Amazingly, Christ pushes the boundaries of our love by calling us to extend love even to our enemies. This love is not a warm fuzzy feeling towards evil-doers. Dr King describes such sentimentality as “emotional Bosh”! Love is a deep sense of redemptive goodwill, demonstrated in ethics and equality, which we must extend to all people. Wesley said even to the enemies of God.
So when something as accursed, violent, and destructive as an explosion seeks to disrupt life and destroy community, we must resist that evil with strong ethics, equality and collective action. We must root our responses in love for our neighbors, those who come to us as strangers, and to even the perpetrators and “their” people.
The Golden Rule moves us out of tribalism and asks us: How would I respond if one of “my” people (my kindred, party, race or ideology ) perpetrated this terrible act? Racism and many politicians thrive on blame. But, “Know this: everyone should be quick to listen, slow to speak and slower to grow angry. An angry person doesn’t produce righteousness” or build community! (James 1) A slow response requires spiritual maturity. We want to rush in and confirm or even insert our biases. Blame once cast is not so easily retracted. Hate only tears down- it rebuilds nothing. Blame allows us to live without self-examination. Blame deceives us into believing that we can live outside of community: “we” Blame “them”. Blame acquits “our” people without a trial. Our black and brown siblings know that one individual’s action can unleash a tidal wave of retribution, racism, and retaliation upon an innocent community for years. Conversely, the white majority sees white violence against our black or brown siblings as isolated individual actions not tied to “them”. Love refuses such non-systematic understandings of justice or community.
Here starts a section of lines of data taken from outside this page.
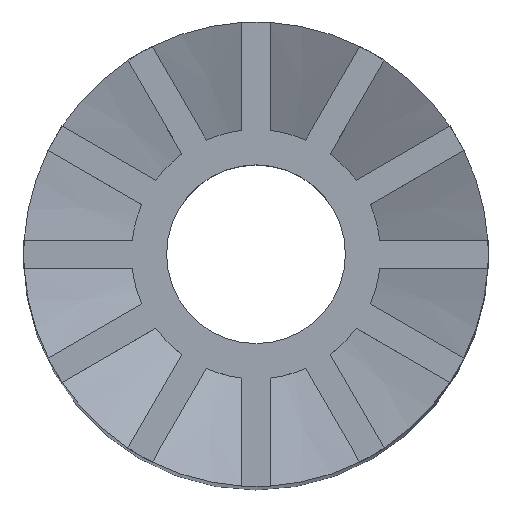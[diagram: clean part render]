
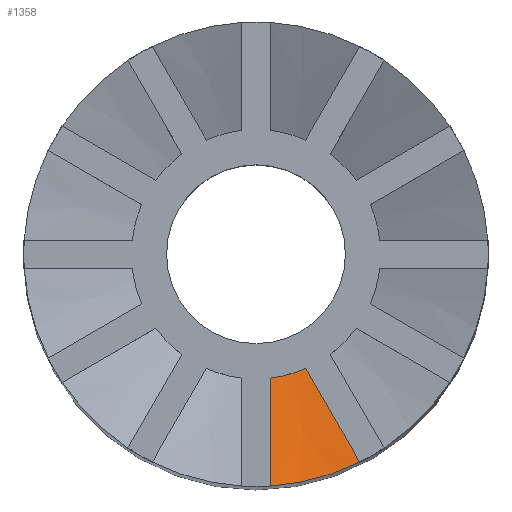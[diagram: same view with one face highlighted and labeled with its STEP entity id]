
A CAD part, top view. The second image highlights one B-rep face of the part: STEP entity #1358.
In plain terms, the highlighted conical face has half-angle 68.587 degrees and reference radius 16.5 mm.
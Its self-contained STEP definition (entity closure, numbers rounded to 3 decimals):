
#1 = AXIS2_PLACEMENT_3D ( 'NONE', #2850, #917, #661 ) ;
#4 = CARTESIAN_POINT ( 'NONE',  ( 1., -16.47, 10. ) ) ;
#62 = B_SPLINE_CURVE_WITH_KNOTS ( 'NONE', 3,
 ( #1282, #796, #1980, #1764 ),
 .UNSPECIFIED., .F., .F.,
 ( 4, 4 ),
 ( 0.01, 0.019 ),
 .UNSPECIFIED. ) ;
#409 = CARTESIAN_POINT ( 'NONE',  ( 4.811, -10.332, 7.997 ) ) ;
#465 = CARTESIAN_POINT ( 'NONE',  ( 3.531, -8.115, 7. ) ) ;
#537 = AXIS2_PLACEMENT_3D ( 'NONE', #1480, #1769, #562 ) ;
#545 = EDGE_CURVE ( 'NONE', #2324, #1569, #2220, .T. ) ;
#561 = ORIENTED_EDGE ( 'NONE', *, *, #2570, .F. ) ;
#562 = DIRECTION ( 'NONE',  ( 1., 0., 0. ) ) ;
#661 = DIRECTION ( 'NONE',  ( 1., 0., 0. ) ) ;
#686 = ORIENTED_EDGE ( 'NONE', *, *, #2865, .T. ) ;
#796 = CARTESIAN_POINT ( 'NONE',  ( 1., -11.353, 7.997 ) ) ;
#917 = DIRECTION ( 'NONE',  ( 0., 0., 1. ) ) ;
#928 = DIRECTION ( 'NONE',  ( 1., 0., 0. ) ) ;
#1229 = VERTEX_POINT ( 'NONE', #2057 ) ;
#1282 = CARTESIAN_POINT ( 'NONE',  ( 1., -8.793, 7. ) ) ;
#1354 = CIRCLE ( 'NONE', #1, 8.85 ) ;
#1358 = ADVANCED_FACE ( 'NONE', ( #2966 ), #2018, .F. ) ;
#1456 = B_SPLINE_CURVE_WITH_KNOTS ( 'NONE', 3,
 ( #1629, #409, #2589, #2316 ),
 .UNSPECIFIED., .F., .F.,
 ( 4, 4 ),
 ( 0., 0.008 ),
 .UNSPECIFIED. ) ;
#1480 = CARTESIAN_POINT ( 'NONE',  ( 0., 0., 10. ) ) ;
#1543 = VERTEX_POINT ( 'NONE', #465 ) ;
#1569 = VERTEX_POINT ( 'NONE', #2635 ) ;
#1629 = CARTESIAN_POINT ( 'NONE',  ( 3.531, -8.115, 7. ) ) ;
#1657 = AXIS2_PLACEMENT_3D ( 'NONE', #2179, #2669, #928 ) ;
#1764 = CARTESIAN_POINT ( 'NONE',  ( 1., -16.47, 10. ) ) ;
#1769 = DIRECTION ( 'NONE',  ( 0., 0., 1. ) ) ;
#1942 = ORIENTED_EDGE ( 'NONE', *, *, #545, .T. ) ;
#1980 = CARTESIAN_POINT ( 'NONE',  ( 1., -13.911, 8.999 ) ) ;
#2018 = CONICAL_SURFACE ( 'NONE', #537, 16.5, 1.197 ) ;
#2057 = CARTESIAN_POINT ( 'NONE',  ( 1., -8.793, 7. ) ) ;
#2179 = CARTESIAN_POINT ( 'NONE',  ( 0., 0., 10. ) ) ;
#2220 = CIRCLE ( 'NONE', #1657, 16.5 ) ;
#2235 = EDGE_CURVE ( 'NONE', #1229, #1543, #1354, .T. ) ;
#2316 = CARTESIAN_POINT ( 'NONE',  ( 7.369, -14.763, 10. ) ) ;
#2324 = VERTEX_POINT ( 'NONE', #4 ) ;
#2570 = EDGE_CURVE ( 'NONE', #1543, #1569, #1456, .T. ) ;
#2589 = CARTESIAN_POINT ( 'NONE',  ( 6.09, -12.548, 8.999 ) ) ;
#2635 = CARTESIAN_POINT ( 'NONE',  ( 7.369, -14.763, 10. ) ) ;
#2669 = DIRECTION ( 'NONE',  ( 0., 0., 1. ) ) ;
#2788 = EDGE_LOOP ( 'NONE', ( #561, #3081, #686, #1942 ) ) ;
#2850 = CARTESIAN_POINT ( 'NONE',  ( 0., 0., 7. ) ) ;
#2865 = EDGE_CURVE ( 'NONE', #1229, #2324, #62, .T. ) ;
#2966 = FACE_OUTER_BOUND ( 'NONE', #2788, .T. ) ;
#3081 = ORIENTED_EDGE ( 'NONE', *, *, #2235, .F. ) ;

To truly Live, we must come to mourn all losses together, render aid together, and collectively rebuild. Let us celebrate all our heroes and helpers. Let us pray for all wounded in heart or body by the Nashville explosion and injustices everywhere. Let us ask ourselves: “Lord, how can I bring healing- how can I help build community? Lord, do my words bring harm or healing? Lord, am I listening? Jesus, what does love, equality, justice, and community require of me?”